We report a case of terminal cancer in which continuous peripheral nerve block provided effective relief for cancer-related pain that was difficult to control with pharmacotherapy. A 70-year-old woman with thyroid cancer, paraplegia due to multiple bone metastases, and cauliflower-like proliferation of skin metastasis on the left upper arm was receiving inpatient palliative care. Intractable pain during treatment of the tumor and when changing body position due to metastatic tumor and pathological fracture of the left humerus was difficult to control with pharmacotherapy.

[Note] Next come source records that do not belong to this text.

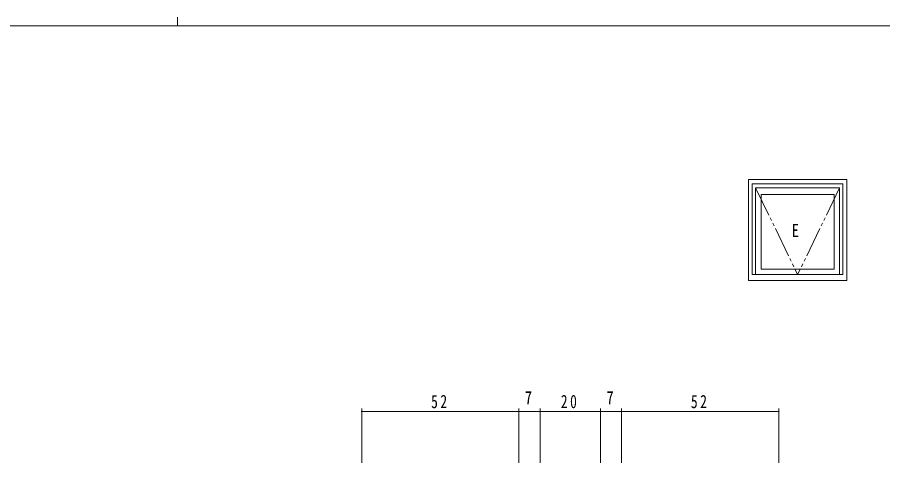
# Model space of a CAD drawing. Units: millimetres on the paper. Extents: x -397 to 397, y -282 to 282.
# Drawn here: x -61.9 to 224.5, y 134.6 to 282.1 of the extents above; entities that cross this region are included whole.
import ezdxf
from ezdxf.enums import TextEntityAlignment as Align

# ---------------------------------------------------------------- set-up
doc = ezdxf.new("R2010")
doc.units = ezdxf.units.MM
doc.linetypes.add('USER3', pattern=[15, 10, -1, 1, -1, 1, -1])
for name, color, linetype, lineweight in [('0-1_YKK_ZWAK', 7, 'Continuous', 18), ('0-6_YKK_D', 6, 'Continuous', 18), ('0-7_YKK_A1', 4, 'Continuous', 18)]:
    doc.layers.add(name, color=color, linetype=linetype, lineweight=lineweight)
doc.styles.add('ＭＳ ゴシック', font='')
doc.styles.get('ＭＳ ゴシック').set_extended_font_data('MS Gothic')

msp = doc.modelspace()

# ---------------------------------------------------------------- linework, layer by layer
at = {"layer": '0-1_YKK_ZWAK'}
for p, q in [((-8.894, 282.1), (-8.894, 279.3)), ((376.092, 279.3), (-393.908, 279.3))]:
    msp.add_line(p, q, dxfattribs=at)
at = {"layer": '0-6_YKK_D'}
for p, q in [((52.092, 134.581), (52.092, 152.581)), ((104.092, 134.581), (104.092, 152.581)), ((104.094, 134.581), (104.094, 152.581)), ((111.092, 134.581), (111.092, 152.581)), ((111.092, 134.581), (111.092, 152.581)), ((131.092, 134.581), (131.092, 152.581)), ((131.092, 134.581), (131.092, 152.581)), ((138.09, 134.581), (138.09, 152.581)), ((138.092, 134.581), (138.092, 152.581)), ((190.092, 134.581), (190.092, 152.581)), ((104.092, 151.581), (52.092, 151.581)), ((104.094, 151.581), (111.092, 151.581)), ((111.092, 151.581), (131.092, 151.581)), ((138.09, 151.581), (131.092, 151.581)), ((138.092, 151.581), (190.092, 151.581))]:
    msp.add_line(p, q, dxfattribs=at)
for centre, start, end in [((52.092, 151.581), 0, 180), ((52.092, 151.581), 180, 0), ((104.092, 151.581), 0, 180), ((104.092, 151.581), 180, 0), ((104.094, 151.581), 0, 180), ((104.094, 151.581), 180, 0), ((111.092, 151.581), 0, 180), ((111.092, 151.581), 0, 180), ((111.092, 151.581), 180, 0), ((111.092, 151.581), 180, 0), ((131.092, 151.581), 0, 180), ((131.092, 151.581), 0, 180), ((131.092, 151.581), 180, 0), ((131.092, 151.581), 180, 0), ((138.09, 151.581), 0, 180), ((138.09, 151.581), 180, 0), ((138.092, 151.581), 0, 180), ((138.092, 151.581), 180, 0), ((190.092, 151.581), 0, 180), ((190.092, 151.581), 180, 0)]:
    msp.add_arc(centre, 0.106, start, end, dxfattribs=at)
at = {"layer": '0-7_YKK_A1'}
for p, q in [((180.092, 228.407), (212.592, 228.407)), ((180.092, 194.907), (180.092, 228.407)), ((181.342, 226.907), (211.342, 226.907)), ((181.342, 196.907), (181.342, 226.907)), ((211.342, 196.907), (211.342, 226.907)), ((212.592, 194.907), (212.592, 228.407)), ((182.442, 225.607), (210.242, 225.607)), ((182.442, 196.907), (182.442, 225.607)), ((210.242, 196.907), (210.242, 225.607)), ((184.292, 223.357), (208.392, 223.357)), ((184.292, 198.657), (184.292, 223.357)), ((208.392, 198.657), (208.392, 223.357)), ((184.292, 198.657), (208.392, 198.657)), ((180.092, 194.907), (212.592, 194.907)), ((181.342, 196.907), (211.342, 196.907))]:
    msp.add_line(p, q, dxfattribs=at)
at = {"layer": '0-7_YKK_A1', "linetype": 'USER3'}
for p in [(182.442, 225.607), (210.242, 225.607)]:
    msp.add_line(p, (196.342, 196.907), dxfattribs=at)

# ---------------------------------------------------------------- texts
at = {"layer": '0-6_YKK_D', "color": 7, "style": 'ＭＳ ゴシック', "width": 0.8}
for p in [(106.046, 152.581), (133.043, 152.581)]:
    msp.add_text('7', height=4.399, dxfattribs=at).set_placement(p, align=Align.BOTTOM_LEFT)
at = {"layer": '0-6_YKK_D', "color": 7, "char_height": 4.399, "attachment_point": 7, "style": 'ＭＳ ゴシック'}
for s, insert in [('\\T1.37;\\W0.75;52', (75.01, 152.581)), ('\\T1.37;\\W0.75;20', (117.949, 152.581)), ('\\T1.37;\\W0.75;52', (161.01, 152.581))]:
    msp.add_mtext(s, dxfattribs=dict(at, insert=insert))
at = {"layer": '0-7_YKK_A1', "color": 7, "style": 'ＭＳ ゴシック', "width": 0.8}
msp.add_text('E', height=4.399, dxfattribs=at).set_placement((194.402, 207.963), align=Align.BOTTOM_LEFT)

doc.saveas('drawing.dxf')
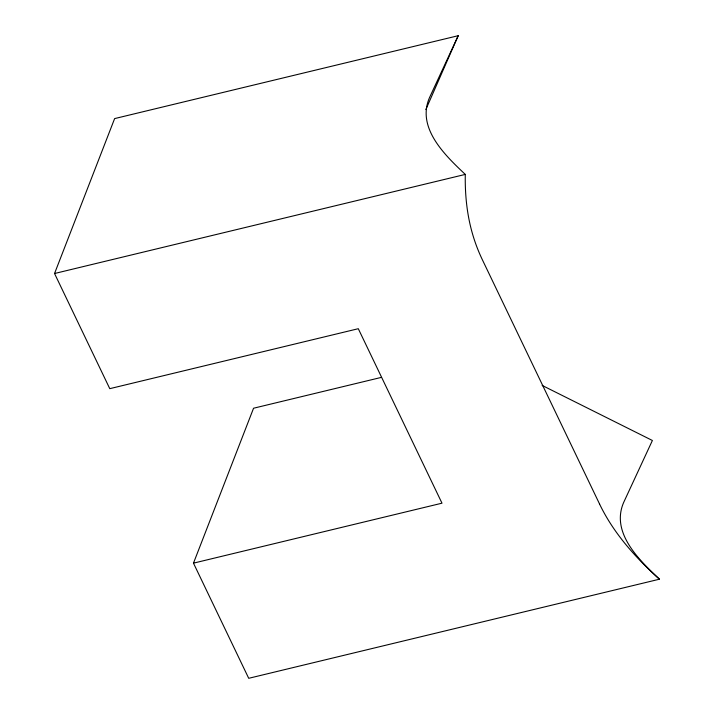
<?xml version="1.0" encoding="UTF-8"?>
<svg xmlns="http://www.w3.org/2000/svg" width="714" height="714" viewBox="0 0 714 714"><rect width="100%" height="100%" fill="white"/><g stroke="black" fill="none" stroke-linecap="round" stroke-linejoin="round"><path stroke-width="1.07" d="M542.167 385.435L652.391 440.484L624.438 500.773C609.435 531.653 638.843 559.74 659.459 579.197L248.713 678.3L193.476 563.15L441.993 503.183L358.294 328.708L109.777 388.666L54.541 273.516L114.624 118.595L458.218 35.7L430.265 95.988C415.262 126.869 444.67 154.956 465.287 174.412C464.921 194.743 466.983 215.226 472.775 234.763A199.179 160.73 21.2 0 0 482.405 259.834L599.599 504.093M193.476 563.15L253.559 408.229L381.16 377.438M425.847 109.537L458.218 35.7M54.541 273.516L465.287 174.412M659.459 579.197C641.645 563.168 624.991 545.603 611.764 525.54A198.117 159.874 21.2 0 1 599.59 504.102"/></g></svg>

Continuous interscalene brachial plexus block was therefore performed, resulting in effective pain relief over the subsequent 38 days before death. Ultrasound-guided continuous peripheral nerve block can be performed at the bedside in patients in poor general condition who cannot tolerate neuraxial block, and should be considered in cases of terminal cancer patient suffering from intractable pain despite pharmacotherapy.